*Work instruction*.
In the records below, count the lines that have "resistor" and answer with the number alone.

*Extracted entries*.
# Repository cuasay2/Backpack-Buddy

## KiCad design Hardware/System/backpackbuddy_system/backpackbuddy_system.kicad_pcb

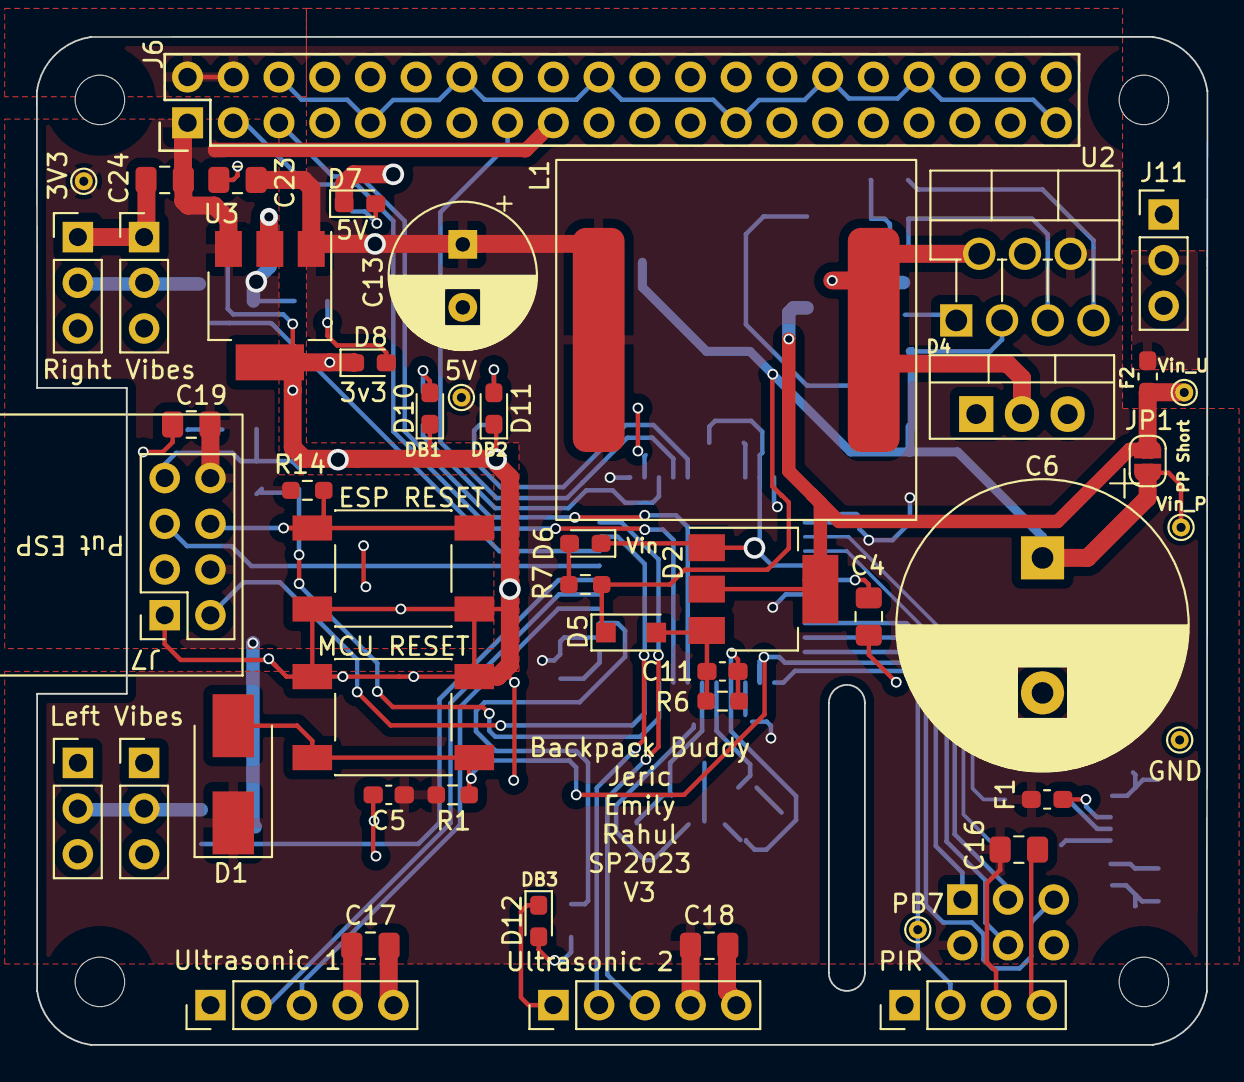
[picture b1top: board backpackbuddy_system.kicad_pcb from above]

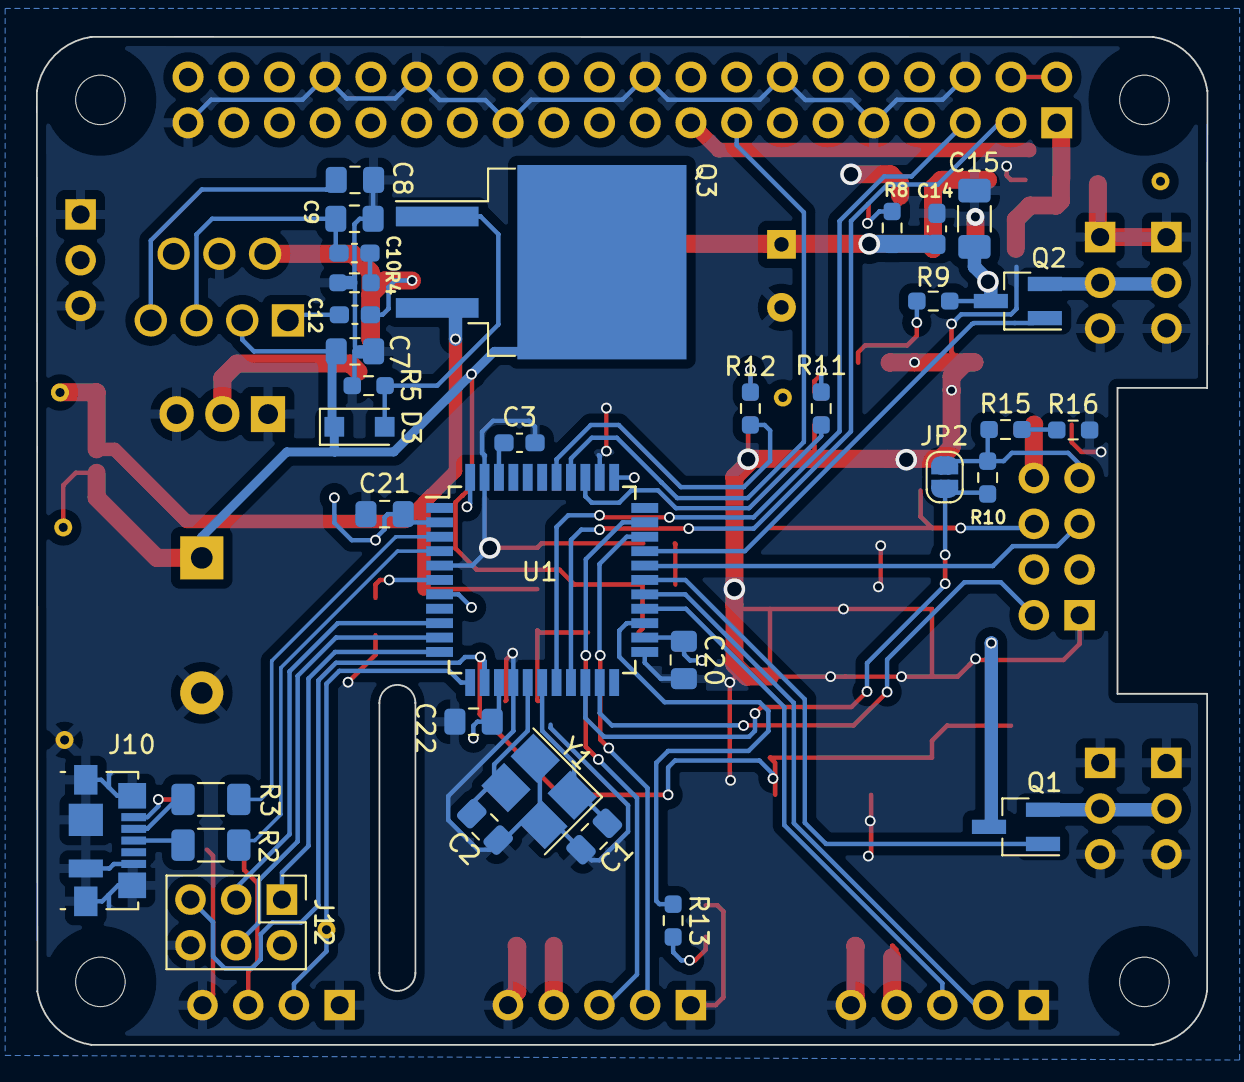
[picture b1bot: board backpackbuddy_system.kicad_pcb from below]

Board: 2 copper layers, 65.0 x 56.0 mm, 87 parts (34 on the bottom side), 53 nets.

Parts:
C1, C2: 22pF; C_0805_2012Metric_Pad1.18x1.45mm_HandSolder
C3, C5, C11: 0.1uF; C_0603_1608Metric_Pad1.08x0.95mm_HandSolder
C4: 1uF; C_0805_2012Metric_Pad1.18x1.45mm_HandSolder
C6: 2200uF; CP_Radial_D16.0mm_P7.50mm
C7: 4.7uF; C_0805_2012Metric_Pad1.18x1.45mm_HandSolder
C8, C16, C17, C18, C19, C20, C21, C22, C23, C24: 10uF; C_0805_2012Metric_Pad1.18x1.45mm_HandSolder
C9: 680pF; C_0805_2012Metric_Pad1.18x1.45mm_HandSolder
C10: 1200pF; C_0603_1608Metric_Pad1.08x0.95mm_HandSolder
C12: 0.22uF; C_0603_1608Metric_Pad1.08x0.95mm_HandSolder
C13: 470uF; CP_Radial_D8.0mm_P3.50mm
C14: 0.47uF; C_0603_1608Metric_Pad1.08x0.95mm_HandSolder
C15: 33uF; C_1206_3216Metric_Pad1.33x1.80mm_HandSolder
D1: 1V; D_SMB_Handsoldering
D2: S602TS; SOT-223-3_TabPin2
D3: 20V; D_SOD-123F
D4: FMW-2156; TO-220-3_Vertical
D5: 27V; D_SOD-123F
D6: Vin; LED_0603_1608Metric_Pad1.05x0.95mm_HandSolder
D7: 5V; LED_0603_1608Metric_Pad1.05x0.95mm_HandSolder
D8: 3v3; LED_0603_1608Metric_Pad1.05x0.95mm_HandSolder
D10: DB1; LED_0603_1608Metric_Pad1.05x0.95mm_HandSolder
D11: DB2; LED_0603_1608Metric_Pad1.05x0.95mm_HandSolder
D12: DB3; LED_0603_1608Metric_Pad1.05x0.95mm_HandSolder
F1: 500mA; Fuse_0603_1608Metric_Pad1.05x0.95mm_HandSolder
F2: 4A; Fuse_0603_1608Metric_Pad1.05x0.95mm_HandSolder
H1, H2, H3, H4: MountingHole; RPi_Hat_Mounting_Hole
J1: PIR; PinHeader_1x04_P2.54mm_Vertical
J2: Ultrasonic 2; PinHeader_1x05_P2.54mm_Vertical
J3: Ultrasonic 1; PinHeader_1x05_P2.54mm_Vertical
J4: Left Vibes; PinHeader_1x03_P2.54mm_Vertical
J5: Left Vibration 2; PinHeader_1x03_P2.54mm_Vertical
J6: RPi_GPIO; Pin_Header_Straight_2x20
J7: ESP8266
J8: Right Vibes; PinHeader_1x03_P2.54mm_Vertical
J9: Right Vibration 2; PinHeader_1x03_P2.54mm_Vertical
J10: USB_B_Micro; USB_Micro-B_Molex_47346-0001
J11: Battery; PinHeader_1x03_P2.54mm_Vertical
J12: ICSP; PinHeader_2x03_P2.54mm_Vertical
JP1, JP2: PP Short; SolderJumper-2_P1.3mm_Open_RoundedPad1.0x1.5mm
L1: 56uH; Inductor_IHLP6767GZER560M11
PB7: PIR; TestPoint_THTPad_D1.0mm_Drill0.5mm
Q1, Q2: Q_NMOS_GSD; SOT-23_Handsoldering
Q3: SIHF9Z24STRR-GE3; TO-263-2
R1, R7, R14: 10k; R_0603_1608Metric_Pad0.98x0.95mm_HandSolder
R2, R3: 22; R_1206_3216Metric_Pad1.30x1.75mm_HandSolder
R4: 39k; R_0603_1608Metric_Pad0.98x0.95mm_HandSolder
R5, R6, R8, R9, R10, R11, R12, R13, R15, R16: 1k; R_0603_1608Metric_Pad0.98x0.95mm_HandSolder
SW1: ESP RESET; RST_SW
SW2: MCU RESET; RST_SW
TP1: Vin_U; TestPoint_THTPad_D1.0mm_Drill0.5mm
TP2: GND; TestPoint_THTPad_D1.0mm_Drill0.5mm
TP3: Vin_P; TestPoint_THTPad_D1.0mm_Drill0.5mm
TP4: 5V; TestPoint_THTPad_D1.0mm_Drill0.5mm
TP5: 3V3; TestPoint_THTPad_D1.0mm_Drill0.5mm
U1: ATmega32U4-A; TQFP-44_10x10mm_P0.8mm
U2: SI-8050Y; TO-220F-7_P2.54x3.7mm_StaggerOdd_Lead3.5mm_Vertical
U3: LM3940; SOT-223
Y1: 16MHz; Crystal_SMD_3225-4Pin_3.2x2.5mm_HandSoldering

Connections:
+3V3: C15.1, C19.1, C24.1, J6.1, J6.17, J7.4, J7.8, Q1.3 (D), Q2.3 (D), R9.1, R14.1, TP5.1, U3.3 (Vout)
+5V: C5.1, C13.1, C14.1, C16.1, C17.1, C18.1, C20.1, C21.1, C22.1, C23.1, D1.1 (K), F1.2, J1.3, J2.4, J3.4, J6.2, J6.4, J12.2, L1.2, R1.1, R8.1, TP4.1, U1.2 (UVCC), U1.7 (VBUS), U1.14 (VCC), U1.24 (AVCC), U1.34 (VCC), U1.44 (AVCC), U2.6 (FB), U3.1 (Vin)
/ESP RESET: J7.6, R14.2, SW1.1
/ESP_RX: J7.7, JP2.1 (A), R10.2, R15.1
/MISO: J12.1, U1.11 (PB3)
/MOSI: J12.4, U1.10 (PB2)
/PD2/RX: JP2.2 (B), R10.1, U1.20 (PD2)
/Power/18V PROTECTED: C6.1, C7.1, D3.1 (K), D5.1 (K), JP1.2 (B), Q3.2 (D), R7.1, TP3.1, U2.3 (IN)
/RESET: D1.2 (A), J12.5, R1.2, SW2.1, U1.13 (~RESET)
/Raspberry Pi/GPIO2_SDA: J6.3, U1.19 (PD1)
/Raspberry Pi/GPIO3_SCL: J6.5, U1.18 (PD0)
/Raspberry Pi/GPIO22: J6.15, U1.37 (PF6)
/SCLK: J12.3, U1.9 (PB1)
/microcontroller/D+: R2.2, U1.4 (D+)
/microcontroller/D-: R3.2, U1.3 (D-)
/microcontroller/PB4: Q1.1 (G), U1.28 (PB4)
/microcontroller/PB5: J7.5, U1.29 (PB5)
/microcontroller/PB6: Q2.1 (G), U1.30 (PB6)
/microcontroller/PB7: J1.2, PB7.1, U1.12 (PB7)
/microcontroller/PC6: J2.2, U1.31 (PC6)
/microcontroller/PC7: J2.3, U1.32 (PC7)
/microcontroller/PD3/TX: J7.2, U1.21 (PD3)
/microcontroller/PD4: R13.1, U1.25 (PD4)
/microcontroller/PD6: J3.3, U1.26 (PD6)
/microcontroller/PD7: J3.2, U1.27 (PD7)
/microcontroller/PF5: R12.1, U1.38 (PF5)
/microcontroller/PF7: R11.1, U1.36 (PF7)
GND: C1.1, C2.1, C3.2, C4.2, C5.2, C6.2, C7.2, C8.2, C9.2, C11.2, C13.2, C14.2, C15.2, C16.2, C17.2, C18.2, C19.2, C20.2, C21.2, C22.2, C23.2, C24.2, D2.1 (K), D4.1 (A), D4.3 (A), D6.1 (K), D7.1 (K), D8.1 (K), D10.1 (K), D11.1 (K), D12.1 (K), J1.1, J1.4, J2.1, J2.5, J3.1, J3.5, J4.1, J4.3, J5.1, J5.3, J6.6, J6.9, J6.14, J6.20, J6.25, J6.30, J6.34, J6.39, J7.1, J8.1, J8.3, J9.1, J9.3, J10.5 (GND), J10.6 (Shield), J11.1, J11.3, J12.6, R4.2, R5.2, R6.2, R16.2, SW1.2, SW2.2, TP2.1, U1.5 (UGND), U1.15 (GND), U1.23 (GND), U1.35 (GND), U1.43 (GND), U2.4 (GND), U3.2 (GND), U3.4 (GND), Y1.2, Y1.4
unnamed: C1.2, U1.17 (XTAL1), Y1.1
unnamed: C2.2, U1.16 (XTAL2), Y1.3
unnamed: C3.1, U1.42 (AREF)
unnamed: C4.1, U1.6 (UCAP)
unnamed: C8.1, U2.7 (EN/SS)
unnamed: C9.1, C10.1, U2.5 (COMP)
unnamed: C10.2, R4.1
unnamed: C11.1, D2.3 (G), D5.2 (A), R6.1
unnamed: C12.1, U2.1 (BS)
unnamed: C12.2, D4.2 (K), L1.1, U2.2 (SW)
unnamed: D2.2 (A), F2.2, JP1.1 (A), Q3.3 (S), TP1.1
unnamed: D3.2 (A), Q3.1 (G), R5.1
unnamed: D6.2 (A), R7.2
unnamed: D7.2 (A), R8.2
unnamed: D8.2 (A), R9.2
unnamed: D10.2 (A), R11.2
unnamed: D11.2 (A), R12.2
unnamed: D12.2 (A), R13.2
unnamed: F1.1, J10.1 (VBUS)
unnamed: F2.1, J11.2
unnamed: J4.2, J5.2, Q1.2 (S)
unnamed: J8.2, J9.2, Q2.2 (S)
unnamed: J10.2 (D-), R3.1
unnamed: J10.3 (D+), R2.1
unnamed: R15.2, R16.1

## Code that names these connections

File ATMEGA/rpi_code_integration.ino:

#include <Wire.h>

#define SLAVE_ADDRESS 0x08

byte i2c_data_byte = 0;
const int trigPin = 12; //PD6
const int echoPin = 6; //PD7
const int trigPin2 = 13; //PC7
const int echoPin2 = 5; //PC6
const int heartbeat_LED = A0; //PF7
const int vibration_left = 8; //PB4
const int vibration_right = 10; //PB6

// defines variables
long duration;
long duration2;
int distance;
int distance2;
int heartbeat_counter;
int vibes_counter = 0; 
int temp = 0;
int heartbeatState = 0;
int emergency_data = 0;

void setup() 
{
  pinMode(trigPin, OUTPUT); // Sets the trigPin as an Output
  pinMode(echoPin, INPUT); // Sets the echoPin as an Input
  pinMode(trigPin2, OUTPUT); // Sets the trigPin as an Output
  pinMode(echoPin2, INPUT); // Sets the echoPin as an Input
  pinMode(heartbeat_LED, OUTPUT);
  pinMode(vibration_right, OUTPUT);
  Serial.begin(9600); // Starts the serial communication
  Wire.begin(SLAVE_ADDRESS);
  Wire.onReceive(receiveData);
  Wire.onRequest(sendData);
}

void loop() { 
  emergency_data = 0; //reset emergency stat

  //Heartbeat
  if(heartbeatState == 0){
    heartbeatState = 1;
  }
  else{
    heartbeatState = 0;
  }
  digitalWrite(heartbeat_LED, heartbeatState);

  //Ultrasonic Sensor with RPI
  digitalWrite(trigPin, LOW);
  delayMicroseconds(2);
  // Sets the trigPin on HIGH state for 10 micro seconds
  digitalWrite(trigPin, HIGH);
  delayMicroseconds(10);
  digitalWrite(trigPin, LOW);
  // Reads the echoPin, returns the sound wave travel time in microseconds
  duration = pulseIn(echoPin, HIGH);
  distance = duration * 0.034 / 2;

  //send emergency signal to rpi
  if(distance <= 35) {
    emergency_data = 1;
  }

  //Close up vibration
  if(distance <= 65) {
    if(i2c_data_byte == 10) {
        digitalWrite(vibration_left, 1);
        digitalWrite(vibration_right, 0);
      }
      else if(i2c_data_byte == 20) {
        digitalWrite(vibration_left, 1);
        digitalWrite(vibration_right, 1);
      }
      else if(i2c_data_byte == 30) {
        digitalWrite(vibration_left, 0);
        digitalWrite(vibration_right, 1);
      }
      else {
        digitalWrite(vibration_left, 1);
        digitalWrite(vibration_right, 1);
      }
    // digitalWrite(vibration_left, 1);
    // digitalWrite(vibration_right, 1);
  }
  //Far away vibration
  else {
    if((i2c_data_byte/10) > 0) {
      if(vibes_counter < 3) {
        if(i2c_data_byte == 10) {
          digitalWrite(vibration_left, 1);
          digitalWrite(vibration_right, 0);
        }
        else if(i2c_data_byte == 20) {
          digitalWrite(vibration_left, 1);
          digitalWrite(vibration_right, 1);
        }
        else {
          digitalWrite(vibration_left, 0);
          digitalWrite(vibration_right, 1);
        }
        vibes_counter++;
      }

      else if(vibes_counter >= 3 && vibes_counter < 80) {
        digitalWrite(vibration_left, 0);
        digitalWrite(vibration_right, 0);
        vibes_counter++;
      }
      else {
        digitalWrite(vibration_left, 0);
        digitalWrite(vibration_right, 0);
        vibes_counter = 0;
      }
    }
    else {
      digitalWrite(vibration_left, 0);
      digitalWrite(vibration_right, 0);
      vibes_counter = 0;
    }
    
  }
  
  //VIBRATION STATE DECLARATIONS
  //    0 - no vibrations at all
  //   10 - vibrate left if person detected in camera
  //   20 - vibrate both if person detected in camera
  //   30 - vibrate right if person detected in camera
  
  delay(100);


  
}

void receiveData(int bytecount)
{
  for (int i = 0; i < bytecount; i++) {
    i2c_data_byte = Wire.read();
  }
  // Serial.println(i2c_data_byte);
}

void sendData()
{
  Wire.write(emergency_data);
}

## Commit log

2023-02-19 first kicad test schematic
2023-02-19 started 12 to 5V sch
2023-02-19 progress on power circuit
2023-02-20 created mcu symbol
2023-02-20 added LED indicators
2023-02-24 fixed all library issues and ERC errors
2023-02-25 fixed C6 and F1, chose L1 part and created footprint for it
2023-02-25 microcontroller
2023-02-27 more changes
2023-02-27 vibration stuff
2023-02-27 added safe connectors
2023-02-28 labels and stuff almost done
2023-02-28 combining both sheets
2023-02-28 more integration changes
2023-02-28 updated fields
2023-02-28 schematic mostly done, just need to fix ERC, decoup caps, TP
2023-03-02 random other sch changes
2023-03-02 fixed an error
2023-03-02 fixed layout errors
2023-03-02 added ESP8266 footprint, more testpoints, mounting holes
2023-03-02 modified esp8266 footprint
2023-03-05 fixed L1 footprint
2023-03-05 fixed lm3940 symbol, changed crystal stuff
2023-03-05 fixed table values
2023-03-05 changed LED resistor value
2023-03-05 changed D1, the MCU reset switch diode from 50V to 1V, changed crystal caps to 22pF
2023-03-05 pp: flipped Q3 pins, changed values for D3 and D5 and updated datasheets; also fixed solder jump short pp such that its fused
2023-03-05 adding the raspberry pi io-shield template files
2023-03-06 pi hat stuff nothing to do with our design
2023-03-06 about to go crazy with the raspberry pi setup on schematic then will layout after dinner hehe
2023-03-06 pin matched everything
2023-03-06 pull down resistor to ESP reset
2023-03-06 decoupling caps
2023-03-06 board outline redo
2023-03-06 components placed time to wire
2023-03-06 almost done
2023-03-06 first draft done :))) still errors but thats because i was too lazy to do no connects as of rn
2023-03-07 silkscreen done
2023-03-07 minor thingies
2023-03-07 pushing
2023-03-07 gerbers
2023-03-07 updated silkscreen
2023-03-15 added directories for arduino and rpi code
2023-03-17 fixed reset state with LEDs
2023-03-21 Board run 2 start -> rewire arduino connections
2023-03-21 pcb redone
2023-03-26 updated thing
2023-03-31 right/left detection working
2023-04-05 version 3 board
2023-04-05 version 3 fixed some silkscreen
2023-04-05 pp short
2023-04-16 Add files via upload
    need to put it in a folder named ESP8266Backpackbuddy
2023-04-24 backup plan arduino code

*Your solution*.
2